Der menschliche Körper besteht zu großen Teilen aus Wasser. Diese Menge ist abhängig von Alter, Geschlecht und Köperzusammensetzung. Beim Neugeborenen sind es 75 bis 80 Prozent, bei Jugendlichen circa 60 Prozent und Erwachsenen 50 bis 55 Prozent. Wasser hat im Körper wichtige Aufgaben: Es dient dem Aufbau und Erhalt der Körperzellen, als Lösungs- und Transportmittel von Nährstoffen und als Kühlmittel für die Regulation der Körpertemperatur durch die Schweißproduktion.
1,5 bis 2 Liter Flüssigkeit sollte jeder Mensch pro Tag trinken, um die Flüssigkeitsverluste über Schweiß und Atemluft auszugleichen.
Foto: Pixelio/Rose
Schon auf geringe Wasserverluste reagiert der menschliche Organismus empfindlich.
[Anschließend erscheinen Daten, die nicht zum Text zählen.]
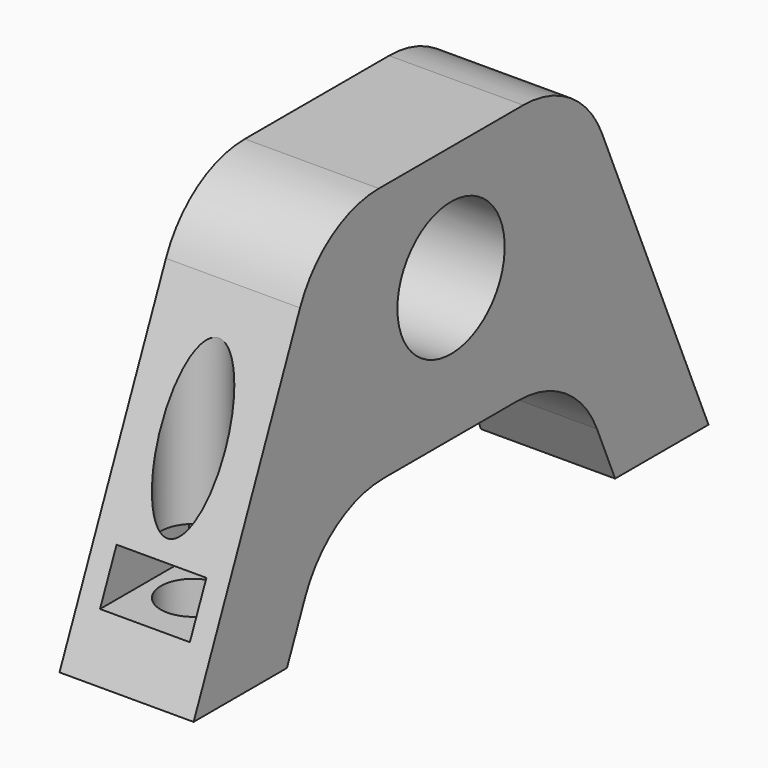
from build123d import *

# Parameters (mm, degrees)
F1_DEPTH  = 25
F2_R      = 5
F3_DEPTH  = 15
F5_DEPTH  = 25
F7_W      = 16.75
F7_H      = 9
F8_DEPTH  = 25
F9_R      = 6
F10_DEPTH = 50
F11_R     = 20
F2_R_2    = 12.5
F12_DEPTH = 25


# Not quite as in the source:
# - a pattern or mirror of a feature is missing from the dataset's text; its kind, count and spacing are read off the source's solid


with BuildPart() as f1:
    # F0 (on Right) → F1 (new body)
    with BuildSketch(Plane.YZ):
        Polygon((-60, -35), (60, -35), (30, 35), (-30, 35), align=None)
    extrude(amount=F1_DEPTH)

    # F2 (on face) → F3 (cut)
    with BuildSketch(Plane(origin=(0, 0, 0), x_dir=(0, -1, 0), z_dir=(-1, 0, 0))):
        with Locations((-30, 13.5)):
            Circle(F2_R)
        with Locations((30, 13.5)):
            Circle(F2_R)
    extrude(amount=-F3_DEPTH, mode=Mode.SUBTRACT)

    # F4 (on face) → F5 (cut)
    with BuildSketch(Plane(origin=(0, 0, 0), x_dir=(0, -1, 0), z_dir=(-1, 0, 0))):
        Polygon((-28.8120768404, -13), (-38.240648269, -35), (38.240648269, -35), (28.8120768404, -13), align=None)
    extrude(amount=-F5_DEPTH, mode=Mode.SUBTRACT)

    # F7 (on offset) → F8 (cut)
    with BuildSketch(Plane.XZ.offset(60)):
        with Locations((12.5, -20.5)):
            Rectangle(F7_W, F7_H)
    f8 = extrude(amount=-F8_DEPTH, mode=Mode.SUBTRACT)

    # F8_copies: F8 across plane
    add(f8.mirror(Plane.ZX), mode=Mode.SUBTRACT)

    # F9 (on face) → F10 (cut, symmetric)
    with BuildSketch(Plane.XY.offset(-25)):
        with Locations((12.5, -44.487604307)):
            Circle(F9_R)
    f10 = extrude(amount=F10_DEPTH, both=True, mode=Mode.SUBTRACT)

    # F10_copies: F10 across plane
    add(f10.mirror(Plane.ZX), mode=Mode.SUBTRACT)

    # F11
    f11_edges = [f1.edges().sort_by_distance(p)[0] for p in [
        (12.5, -28.812077, -13),
        (12.5, 28.812077, -13),
        (12.5, 30, 35),
        (12.5, -30, 35),
    ]]
    fillet(f11_edges, radius=F11_R)

    # F2 (on face) → F12 (cut)
    with BuildSketch(Plane(origin=(0, 0, 0), x_dir=(0, -1, 0), z_dir=(-1, 0, 0))):
        with Locations((0, 13.5)):
            Circle(F2_R_2)
    extrude(amount=-F12_DEPTH, mode=Mode.SUBTRACT)


solid = f1.part
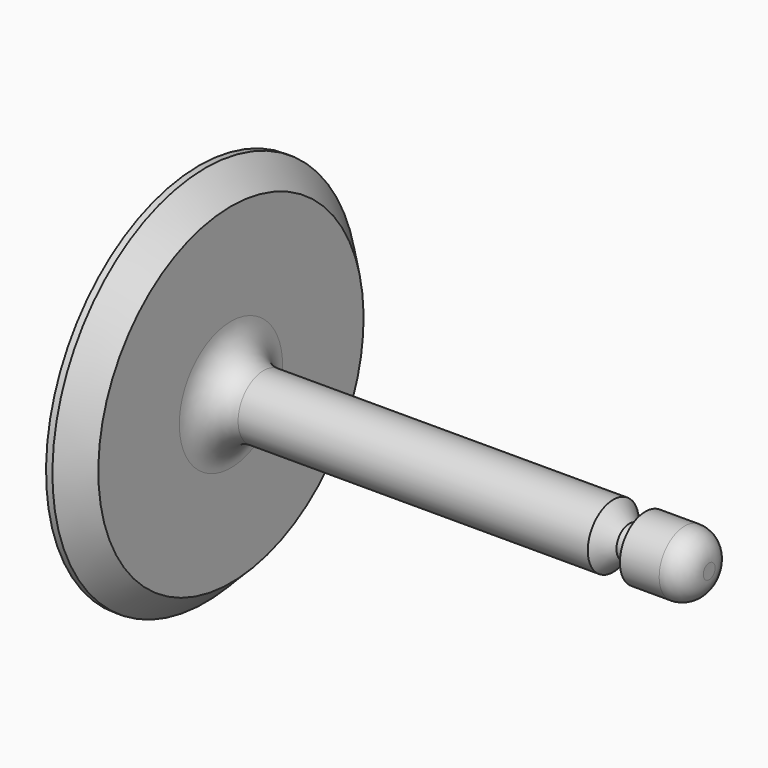
from build123d import *

# Parameters (mm, degrees)
F2_R        = 3.2512
F3_SIZE2    = 2.54
F3_SIZE     = 2.54
F4_S5_R     = 1.5875
F4_T6_DEPTH = 6
F5_R        = 2.4384


# Not quite as in the source:
# - a fillet or chamfer that OpenCascade refuses, or shapes differently, is made with other operations: its cross-section is extruded or revolved along the edge and cut away or added


with BuildPart() as f1:
    # F0 (on Front) → F1 (revolve)
    with BuildSketch(Plane.XZ):
        Polygon((-50.8, 0), (0, 0), (0, 3.175), (-6.35, 3.175), (-6.35, 1.5875), (-7.9502, 1.5875), (-7.9502, 3.175), (-47.625, 3.175), (-47.625, 19.05), (-50.8, 19.05), align=None)
    revolve(axis=Axis((-25.4, 0, 0), (1, 0, 0)))

    # F2
    f2_edges = [f1.edges().sort_by_distance(p)[0] for p in [
        (-47.625, 0, -3.175),
    ]]
    fillet(f2_edges, radius=F2_R)

    # F3
    f3_edges = [f1.edges().sort_by_distance(p)[0] for p in [
        (-47.625, 0, -6.4262),
        (-47.625, 0, -19.05),
    ]]
    chamfer(f3_edges, length=F3_SIZE, length2=F3_SIZE2)

    # F4: chamfer of 1.6002 on 1 edges, made by hand


with BuildPart() as f4_tool2:
    # F4_s3 → F4_t4 (revolve)
    with BuildSketch(Plane.XZ):
        Polygon((-9.5504, 3.175), (-7.9502, 1.5748), (-7.9502, 3.175), align=None)
    revolve(axis=Axis((-7.9502, 0, 0), (1, 0, 0)))

    # F4_s5 → F4_t6 (cut, symmetric)
    with BuildSketch(Plane.YZ.offset(-8.8)):
        Circle(F4_S5_R)
    extrude(amount=F4_T6_DEPTH, both=True, mode=Mode.SUBTRACT)


with BuildPart() as f1_1:
    add(f1.part)

    # F4_t1: cut F4_tool2
    add(f4_tool2.part, mode=Mode.SUBTRACT)

    # F5
    f5_edges = [f1_1.edges().sort_by_distance(p)[0] for p in [
        (0, 0, -3.175),
    ]]
    fillet(f5_edges, radius=F5_R)


solid = f1_1.part

Bereits ein Flüssigkeitsverlust von 2 Prozent vermindert die Leistungsfähigkeit. Da das Gehirn zu 70 Prozent aus Wasser besteht, reagiert dieses besonders empfindlich auf Wassermangel, was sich in nachlassender Konzentration, Müdigkeit und Schwindelgefühl äußert.
Aber nicht nur die geistige Leistungsfähigkeit wird beeinflusst, sondern auch die körperliche. Dem Blut und Gewebe wird Wasser entzogen, das Blut dickt ein und fließt langsamer. Durchblutungsstörungen, Erbrechen und Muskelkrämpfe sind die Folge. Harnpflichtige Substanzen können nicht mehr ausgeschieden werden. Ein Wasserverlust von 15 bis 20 Prozent führt zum Tod durch Nieren- und Kreislaufversagen.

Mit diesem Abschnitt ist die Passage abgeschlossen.